Lily tried not to scan sadly in the vain hope that another person might have shown up: her own sister. She had sent an invitation to Tuney, even as a small part of her knew her sister wouldn't be coming, not even to politely return the favor of when she had attended (with James as her date) Petunia's wedding to one Vernon Dursley.

She had tried to hide her sadness, but James had still tried to comfort his bride. He'd reminded her that he had a boycott too: Peter Pettigrew, one of his best mates, was also missing.

And there was one other person Lily would have liked to see attend her nuptials, in a more perfect world than this. But she knew, even if he wasn't a Death Eater, Severus would probably clung to his principles as an excuse to sit out the wedding of his best friend, in protest over her choice of groom.

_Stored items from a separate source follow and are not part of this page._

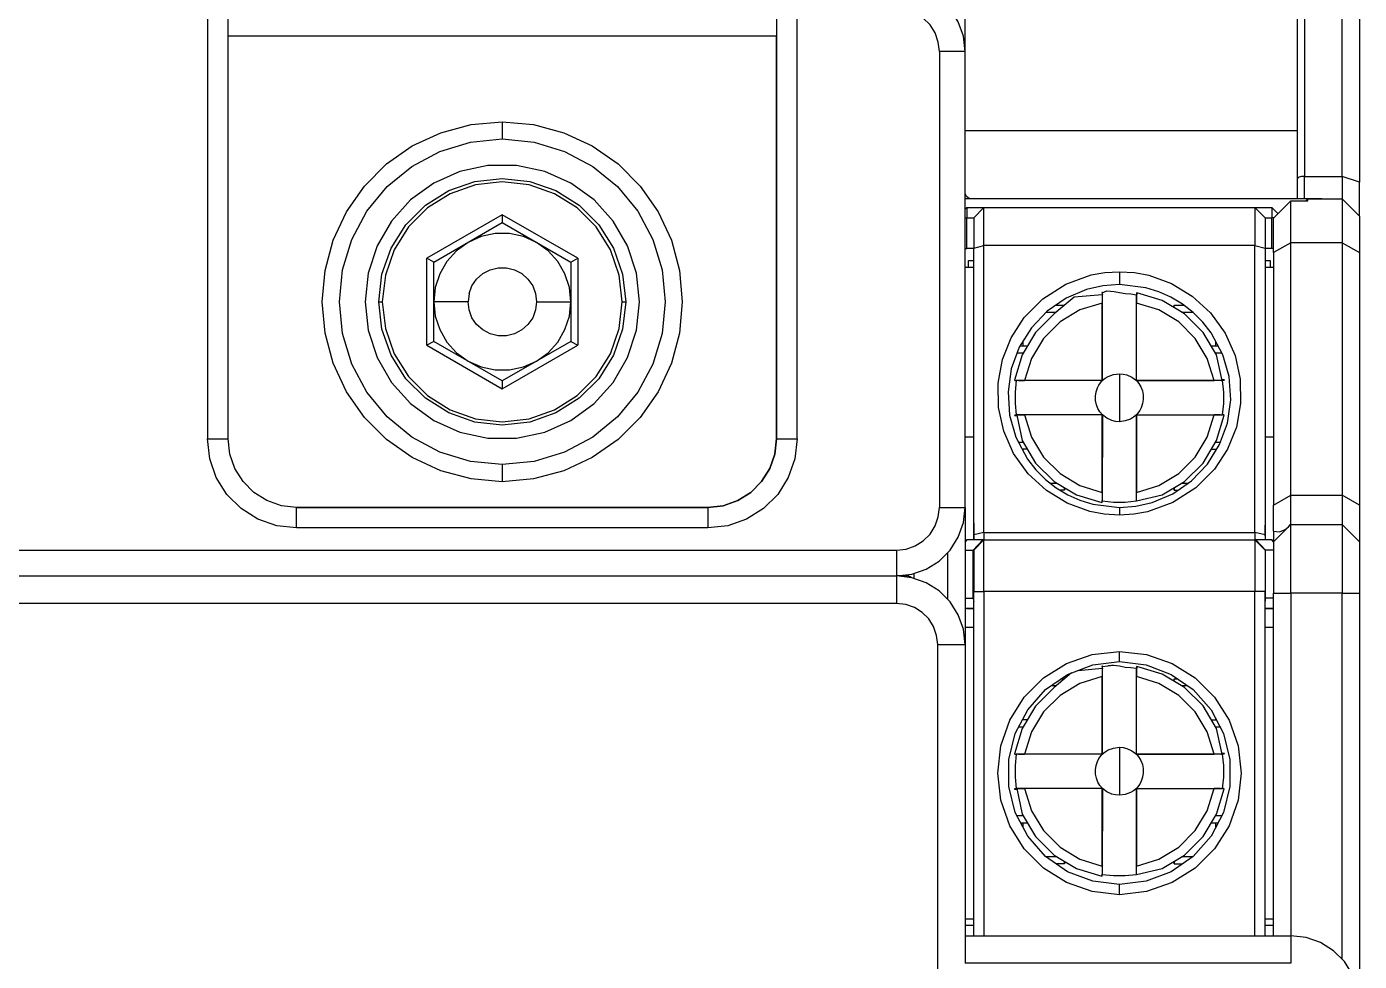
# Model space of a CAD drawing. Header units: millimetres. Extents: x 0 to 87, y 0 to 130.
# Drawn here: x 47.63 to 86.5, y 86.76 to 114.03 of the extents above; entities that cross this region are included whole.
import ezdxf

# ---------------------------------------------------------------- set-up
doc = ezdxf.new("R2010")
doc.units = ezdxf.units.MM

# ---------------------------------------------------------------- blocks, each defined once
blk = doc.blocks.new('CHINT_1a572be7d2f85137ae4fc7d071e692d9_FACE_0')
at = {"color": 141, "linetype": 'Continuous', "true_color": 0x40d9ff}
for p, q in [((86, 109.658), (86, 118.616)), ((69.5, 113.492), (69.5, 113.492)), ((69.5, 113.472), (69.5, 113.472)), ((69.5, 113.244), (69.5, 113.244)), ((53.5, 112.6), (53.5, 112.6)), ((69.5, 112.6), (69.5, 112.6)), ((53.5, 112.1), (53.5, 112.1)), ((69.5, 112.1), (69.5, 112.1)), ((61.5, 111.25), (61.5, 110.75)), ((75, 111), (84.7, 111)), ((85, 109), (75, 109)), ((84.7, 109), (75.2, 109)), ((61.5, 108.54), (59.3, 107.27)), ((63.7, 107.27), (61.5, 108.54)), ((61.5, 108.54), (61.5, 108.309)), ((75.55, 108.75), (83.45, 108.75)), ((59.5, 107.155), (61.5, 108.309)), ((61.5, 108.309), (63.5, 107.155)), ((75, 108.45), (75.05, 108.45)), ((84.013, 108.45), (83.95, 108.45)), ((84.5, 100.353), (84.5, 107.721)), ((86, 107.721), (84.5, 107.721)), ((86, 107.721), (86, 100.353)), ((75.55, 99.272), (75.55, 107.638)), ((83.45, 107.638), (75.55, 107.638)), ((83.45, 99.272), (83.45, 107.638)), ((59.3, 104.73), (59.3, 107.27)), ((59.5, 107.155), (59.3, 107.27)), ((59.5, 104.845), (59.5, 107.155)), ((61.109, 106.916), (61.109, 106.916)), ((61.145, 106.935), (61.145, 106.935)), ((61.38, 106.993), (61.38, 106.993)), ((61.621, 106.993), (61.621, 106.993)), ((61.794, 106.95), (61.794, 106.95)), ((61.855, 106.935), (61.855, 106.935)), ((63.5, 107.155), (63.7, 107.27)), ((63.5, 107.155), (63.5, 104.845)), ((63.7, 107.27), (63.7, 104.73)), ((75.25, 107), (75, 107)), ((84, 107), (83.75, 107)), ((84, 107), (84, 102.05)), ((84, 107), (84, 107)), ((60.731, 106.633), (60.731, 106.633)), ((60.737, 106.643), (60.737, 106.643)), ((60.752, 106.663), (60.752, 106.663)), ((60.907, 106.801), (60.907, 106.801)), ((60.932, 106.823), (60.932, 106.823)), ((62.007, 106.855), (62.007, 106.855)), ((62.068, 106.823), (62.068, 106.823)), ((62.193, 106.712), (62.193, 106.712)), ((62.249, 106.663), (62.249, 106.663)), ((79.5, 106.878), (79.5, 106.5)), ((60.528, 106.231), (60.528, 106.231)), ((60.603, 106.434), (60.603, 106.434)), ((60.609, 106.449), (60.609, 106.449)), ((60.615, 106.465), (60.615, 106.465)), ((62.363, 106.498), (62.363, 106.498)), ((62.377, 106.478), (62.377, 106.478)), ((62.386, 106.465), (62.386, 106.465)), ((62.447, 106.304), (62.447, 106.304)), ((62.471, 106.239), (62.471, 106.239)), ((78.996, 106.197), (79.001, 106.198)), ((79.001, 106.26), (79.001, 106.233)), ((79.001, 106.202), (79.002, 103.7)), ((79.997, 103.699), (79.999, 106.207)), ((79.999, 106.169), (80.004, 106.168)), ((53.5, 106), (53.5, 106)), ((57.9, 106), (58, 106)), ((60.529, 105.761), (60.529, 105.761)), ((62.471, 105.761), (62.471, 105.761)), ((62.472, 105.769), (62.472, 105.769)), ((62.5, 106), (62.5, 106)), ((62.5, 106), (63.5, 106)), ((65, 106), (65.1, 106)), ((77.648, 105.9), (77.899, 105.9)), ((79, 103.7), (79, 105.963)), ((80, 103.7), (80, 105.963)), ((60.554, 105.696), (60.554, 105.696)), ((60.615, 105.535), (60.615, 105.535)), ((60.658, 105.473), (60.658, 105.473)), ((62.263, 105.357), (62.263, 105.357)), ((62.386, 105.535), (62.386, 105.535)), ((62.391, 105.551), (62.391, 105.551)), ((77.371, 105.7), (77.66, 105.7)), ((81.314, 105.7), (81.634, 105.7)), ((53.5, 105), (53.5, 105)), ((60.752, 105.337), (60.752, 105.337)), ((60.807, 105.288), (60.807, 105.288)), ((60.932, 105.177), (60.932, 105.177)), ((60.993, 105.145), (60.993, 105.145)), ((61.145, 105.065), (61.145, 105.065)), ((61.206, 105.05), (61.206, 105.05)), ((61.38, 105.007), (61.38, 105.007)), ((61.412, 105.007), (61.412, 105.007)), ((61.621, 105.007), (61.621, 105.007)), ((61.637, 105.011), (61.637, 105.011)), ((61.663, 105.018), (61.663, 105.018)), ((61.855, 105.065), (61.855, 105.065)), ((61.891, 105.084), (61.891, 105.084)), ((62.068, 105.177), (62.068, 105.177)), ((62.093, 105.199), (62.093, 105.199)), ((62.249, 105.337), (62.249, 105.337)), ((59.5, 104.845), (59.3, 104.73)), ((59.3, 104.73), (61.5, 103.46)), ((61.5, 103.691), (59.5, 104.845)), ((63.5, 104.845), (61.5, 103.691)), ((61.5, 103.46), (63.7, 104.73)), ((63.5, 104.845), (63.7, 104.73)), ((76.813, 104.7), (76.595, 104.7)), ((76.692, 104.7), (76.692, 104.856)), ((82.308, 104.848), (82.308, 104.7)), ((86.5, 104.666), (86.5, 99)), ((76.694, 104.5), (76.515, 104.5)), ((79, 104.507), (79.002, 104.508)), ((79.002, 104.5), (79, 104.5)), ((79.998, 104.508), (80, 104.507)), ((80, 104.507), (79.998, 104.508)), ((82.495, 104.5), (82.307, 104.5)), ((84, 104.2), (84, 104.2)), ((53.5, 104), (53.5, 104)), ((61.5, 103.691), (61.5, 103.46)), ((79.002, 103.7), (76.493, 103.699)), ((79, 103.7), (76.737, 103.7)), ((78.203, 103.7), (78.203, 103.7)), ((79.002, 103.7), (79, 103.7)), ((79.997, 103.699), (80, 103.7)), ((82.42, 103.699), (79.997, 103.699)), ((80, 103.7), (82.263, 103.7)), ((80.797, 103.7), (80.797, 103.699)), ((82.507, 103.699), (82.422, 103.699)), ((76.578, 102.701), (76.494, 102.701)), ((76.54, 102.701), (76.542, 102.698)), ((79.003, 102.701), (76.58, 102.701)), ((79, 102.7), (76.737, 102.7)), ((78.203, 102.7), (78.203, 102.701)), ((79, 102.7), (79.003, 102.701)), ((79, 100.437), (79, 102.7)), ((79.003, 102.701), (79.001, 100.193)), ((79.998, 102.7), (82.507, 102.701)), ((79.998, 102.7), (80, 102.7)), ((79.999, 100.199), (79.998, 102.7)), ((80, 102.7), (80, 100.437)), ((80, 102.7), (82.263, 102.7)), ((80.797, 102.7), (80.797, 102.7)), ((82.455, 102.697), (82.456, 102.701)), ((75.25, 102.05), (75, 102.05)), ((76.559, 101.9), (76.693, 101.9)), ((79.003, 101.892), (79, 101.893)), ((79, 101.893), (79.003, 101.892)), ((79.999, 101.9), (80, 101.9)), ((80, 101.893), (79.999, 101.892)), ((82.306, 101.9), (82.449, 101.9)), ((84, 102.05), (83.75, 102.05)), ((76.813, 101.7), (76.667, 101.7)), ((76.692, 101.652), (76.692, 101.7)), ((82.187, 101.7), (82.342, 101.7)), ((82.308, 101.7), (82.308, 101.644)), ((61.5, 101.25), (61.5, 100.75)), ((54, 100.689), (54, 100.689)), ((77.686, 100.7), (77.495, 100.7)), ((81.498, 100.7), (81.314, 100.7)), ((84.5, 100.353), (86, 100.353)), ((54.5, 100.281), (54.5, 100.281)), ((54.501, 100.281), (54.501, 100.281)), ((54.538, 100.257), (54.538, 100.257)), ((55, 100.069), (55, 100.069)), ((67.5, 100), (67.5, 100)), ((75, 100), (75, 96)), ((78.998, 100.242), (79.001, 100.241)), ((79.5, 100), (79.5, 99.778)), ((79.999, 100.25), (80.002, 100.25)), ((75.25, 99.543), (75.25, 99.05)), ((75.55, 99.272), (83.45, 99.272)), ((83.75, 99.175), (83.75, 99.477)), ((84, 99.303), (84, 99.003)), ((84.5, 99.5), (86, 99.5)), ((75.05, 99.05), (75, 98.997)), ((75, 99), (75.05, 99.05)), ((75, 98.75), (75.235, 98.75)), ((75.55, 99.05), (83.45, 99.05)), ((84, 98.75), (83.765, 98.75)), ((84, 98.997), (83.95, 99.05)), ((83.95, 99.05), (84, 99)), ((83.95, 99.05), (84.002, 99.002)), ((74.5, 97.311), (74.5, 98.689)), ((73.5, 98.069), (73.5, 97.931)), ((75.55, 97.55), (75.55, 87.5)), ((83.45, 97.55), (75.55, 97.55)), ((83.45, 87.5), (83.45, 97.55)), ((84.5, 97.5), (84.5, 87.5)), ((86, 97.5), (84.5, 97.5)), ((86, 86.811), (86, 97.5)), ((75.25, 96.5), (75, 96.5)), ((84, 96.5), (83.75, 96.5)), ((79.5, 95.5), (79.5, 95.8)), ((78.294, 95.243), (78.996, 95.307)), ((79.001, 95.36), (79.001, 95.333)), ((79.001, 95.302), (79.002, 92.8)), ((79.997, 92.799), (79.999, 95.307)), ((80.004, 95.272), (79.999, 95.273)), ((77.805, 95), (77.899, 95)), ((79, 92.8), (79, 95.063)), ((80, 92.8), (80, 95.063)), ((77.515, 94.8), (77.66, 94.8)), ((81.314, 94.8), (81.485, 94.8)), ((76.813, 93.8), (76.67, 93.8)), ((76.692, 93.8), (76.692, 93.843)), ((82.187, 93.8), (82.33, 93.8)), ((82.308, 93.843), (82.308, 93.8)), ((76.565, 93.6), (76.694, 93.6)), ((79, 93.607), (79.002, 93.608)), ((79.002, 93.6), (79, 93.6)), ((79.998, 93.608), (80, 93.607)), ((80, 93.607), (79.998, 93.608)), ((82.307, 93.6), (82.435, 93.6)), ((79.002, 92.8), (76.493, 92.799)), ((79, 92.8), (76.737, 92.8)), ((78.203, 92.8), (78.203, 92.8)), ((79.002, 92.8), (79, 92.8)), ((79.997, 92.799), (80, 92.8)), ((82.42, 92.799), (79.997, 92.799)), ((80, 92.8), (82.263, 92.8)), ((80.797, 92.8), (80.797, 92.799)), ((82.507, 92.799), (82.422, 92.799)), ((82.456, 92.799), (82.454, 92.802)), ((76.578, 91.801), (76.494, 91.801)), ((76.54, 91.801), (76.542, 91.798)), ((79.003, 91.801), (76.58, 91.801)), ((79, 91.8), (76.737, 91.8)), ((78.203, 91.8), (78.203, 91.801)), ((79, 91.8), (79.003, 91.801)), ((79, 89.537), (79, 91.8)), ((79.003, 91.801), (79.001, 89.293)), ((79.998, 91.8), (82.507, 91.801)), ((79.998, 91.8), (80, 91.8)), ((79.999, 89.299), (79.998, 91.8)), ((80, 91.8), (80, 89.537)), ((80, 91.8), (82.263, 91.8)), ((80.797, 91.8), (80.797, 91.8)), ((82.455, 91.797), (82.456, 91.801)), ((76.693, 91), (76.512, 91)), ((79.003, 90.992), (79, 90.993)), ((79, 90.993), (79.003, 90.992)), ((79.999, 91), (80, 91)), ((80, 90.993), (79.999, 90.992)), ((82.488, 91), (82.306, 91)), ((76.692, 90.657), (76.692, 90.8)), ((82.187, 90.8), (82.383, 90.8)), ((82.308, 90.8), (82.308, 90.657)), ((77.686, 89.8), (77.37, 89.8)), ((81.63, 89.8), (81.314, 89.8)), ((75, 89.33), (75, 87.5)), ((78.998, 89.342), (79.001, 89.341)), ((79.999, 89.35), (80.002, 89.35)), ((79.5, 88.7), (79.5, 89)), ((75, 88), (75.25, 88)), ((83.75, 88), (84, 88)), ((75.25, 87.8), (75, 87.8)), ((84, 87.8), (83.75, 87.8))]:
    blk.add_line(p, q, dxfattribs=at)
for points in [[(84.7, 109.59), (84.7, 118.031), (84.717, 118.276), (84.774, 118.481), (84.82, 118.576), (84.834, 118.592), (84.846, 118.602), (84.865, 118.611), (84.881, 118.615), (84.9, 118.616)], [(86, 118.616), (84.9, 118.616), (84.9, 109.658), (86, 109.658)], [(75, 105.548), (75, 118.5), (74.5, 118.5)], [(86.5, 118.528), (86.5, 109.488), (86, 109.658)], [(75, 113.3), (74.95, 113.745), (74.802, 114.168), (74.564, 114.547), (74.247, 114.864), (73.868, 115.102), (73.445, 115.25), (73, 115.3)], [(52.9, 114.55), (52.9, 102), (53.5, 102), (53.5, 114.301)], [(70.1, 114.55), (69.5, 114.301), (69.5, 102), (70.1, 102), (70.1, 114.55)], [(74.25, 113.3), (74.219, 113.578), (74.126, 113.842), (73.977, 114.079), (73.779, 114.277), (73.542, 114.426), (73.278, 114.519), (73, 114.55)], [(69.5, 113.752), (69.5, 113.75), (53.5, 113.75), (53.5, 113.752)], [(67.5, 100), (55.5, 100), (55.055, 100.05), (54.632, 100.198), (54.253, 100.436), (53.936, 100.753), (53.698, 101.132), (53.55, 101.555), (53.5, 102), (53.5, 113.75)], [(67.5, 100), (67.945, 100.05), (68.368, 100.198), (68.747, 100.436), (69.064, 100.753), (69.302, 101.132), (69.45, 101.555), (69.5, 102), (69.5, 113.75)], [(74.25, 113.3), (74.25, 100), (75, 100), (75, 113.3), (74.25, 113.3)], [(61.5, 100.75), (60.588, 100.83), (59.705, 101.067), (58.875, 101.454), (58.126, 101.978), (57.478, 102.625), (56.954, 103.375), (56.567, 104.204), (56.33, 105.088), (56.25, 106), (56.33, 106.912), (56.567, 107.796), (56.954, 108.625), (57.478, 109.375), (58.126, 110.022), (58.875, 110.546), (59.705, 110.933), (60.588, 111.17), (61.5, 111.25)], [(61.5, 111.25), (62.412, 111.17), (63.296, 110.933), (64.125, 110.546), (64.875, 110.022), (65.522, 109.375), (66.047, 108.625), (66.433, 107.796), (66.67, 106.912), (66.75, 106), (66.67, 105.088), (66.433, 104.204), (66.047, 103.375), (65.522, 102.625), (64.875, 101.978), (64.125, 101.454), (63.296, 101.067), (62.412, 100.83), (61.5, 100.75)], [(61.5, 101.25), (60.573, 101.341), (59.682, 101.612), (58.861, 102.051), (58.141, 102.641), (57.551, 103.361), (57.112, 104.182), (56.841, 105.073), (56.75, 106), (56.841, 106.927), (57.112, 107.818), (57.551, 108.639), (58.141, 109.359), (58.861, 109.949), (59.682, 110.388), (60.573, 110.659), (61.5, 110.75)], [(61.5, 110.75), (62.427, 110.659), (63.318, 110.388), (64.139, 109.949), (64.859, 109.359), (65.45, 108.639), (65.888, 107.818), (66.159, 106.927), (66.25, 106), (66.159, 105.073), (65.888, 104.182), (65.45, 103.361), (64.859, 102.641), (64.139, 102.051), (63.318, 101.612), (62.427, 101.341), (61.5, 101.25)], [(57.587, 106.832), (57.5, 106), (57.587, 105.168), (57.846, 104.373), (58.264, 103.649), (58.824, 103.027), (59.5, 102.536), (60.264, 102.196), (61.082, 102.022), (61.918, 102.022), (62.736, 102.196), (63.5, 102.536), (64.177, 103.027), (64.736, 103.649), (65.154, 104.373), (65.413, 105.168), (65.5, 106), (65.413, 106.832), (65.154, 107.627), (64.736, 108.351), (64.177, 108.973), (63.5, 109.464), (62.736, 109.804), (61.918, 109.978), (61.082, 109.978), (60.264, 109.804), (59.5, 109.464), (58.824, 108.973), (58.264, 108.351), (57.846, 107.627), (57.587, 106.832)], [(84.9, 109.658), (84.856, 109.656), (84.813, 109.651), (84.775, 109.643), (84.744, 109.632), (84.72, 109.619), (84.705, 109.605), (84.7, 109.59)], [(85.404, 109), (84.9, 109), (84.9, 109.03), (84.9, 109.117), (84.9, 109.257), (84.9, 109.441), (84.9, 109.658)], [(86, 109.658), (86, 109.441), (86, 109.257), (86, 109.117), (86, 109.03), (86, 109)], [(57.9, 106), (57.99, 106.801), (58.257, 107.562), (58.685, 108.245), (59.255, 108.815), (59.938, 109.243), (60.699, 109.51), (61.5, 109.6), (62.301, 109.51), (63.062, 109.243), (63.745, 108.815), (64.315, 108.245), (64.744, 107.562), (65.01, 106.801), (65.1, 106)], [(65, 106), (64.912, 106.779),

Even on the happiest day of her life, Lily let out a melancholy sigh. No matter. It was pointless now. As she now turned to her husband, looping a hand around his neck to reach up and kiss him soundly, the new Mrs. Potter decided she would not apologize for finding her happiness. What's more, she would do everything in her power to keep that happiness as James sank into her kiss and gathered her in his arms to hold her close.

She had no more doubts. There was only James, and the scent of the dying roses and lilies in her wedding bouquet, now tossed over her shoulder to land in Mary's grasp before then tumbling to rest at the foot of the altar.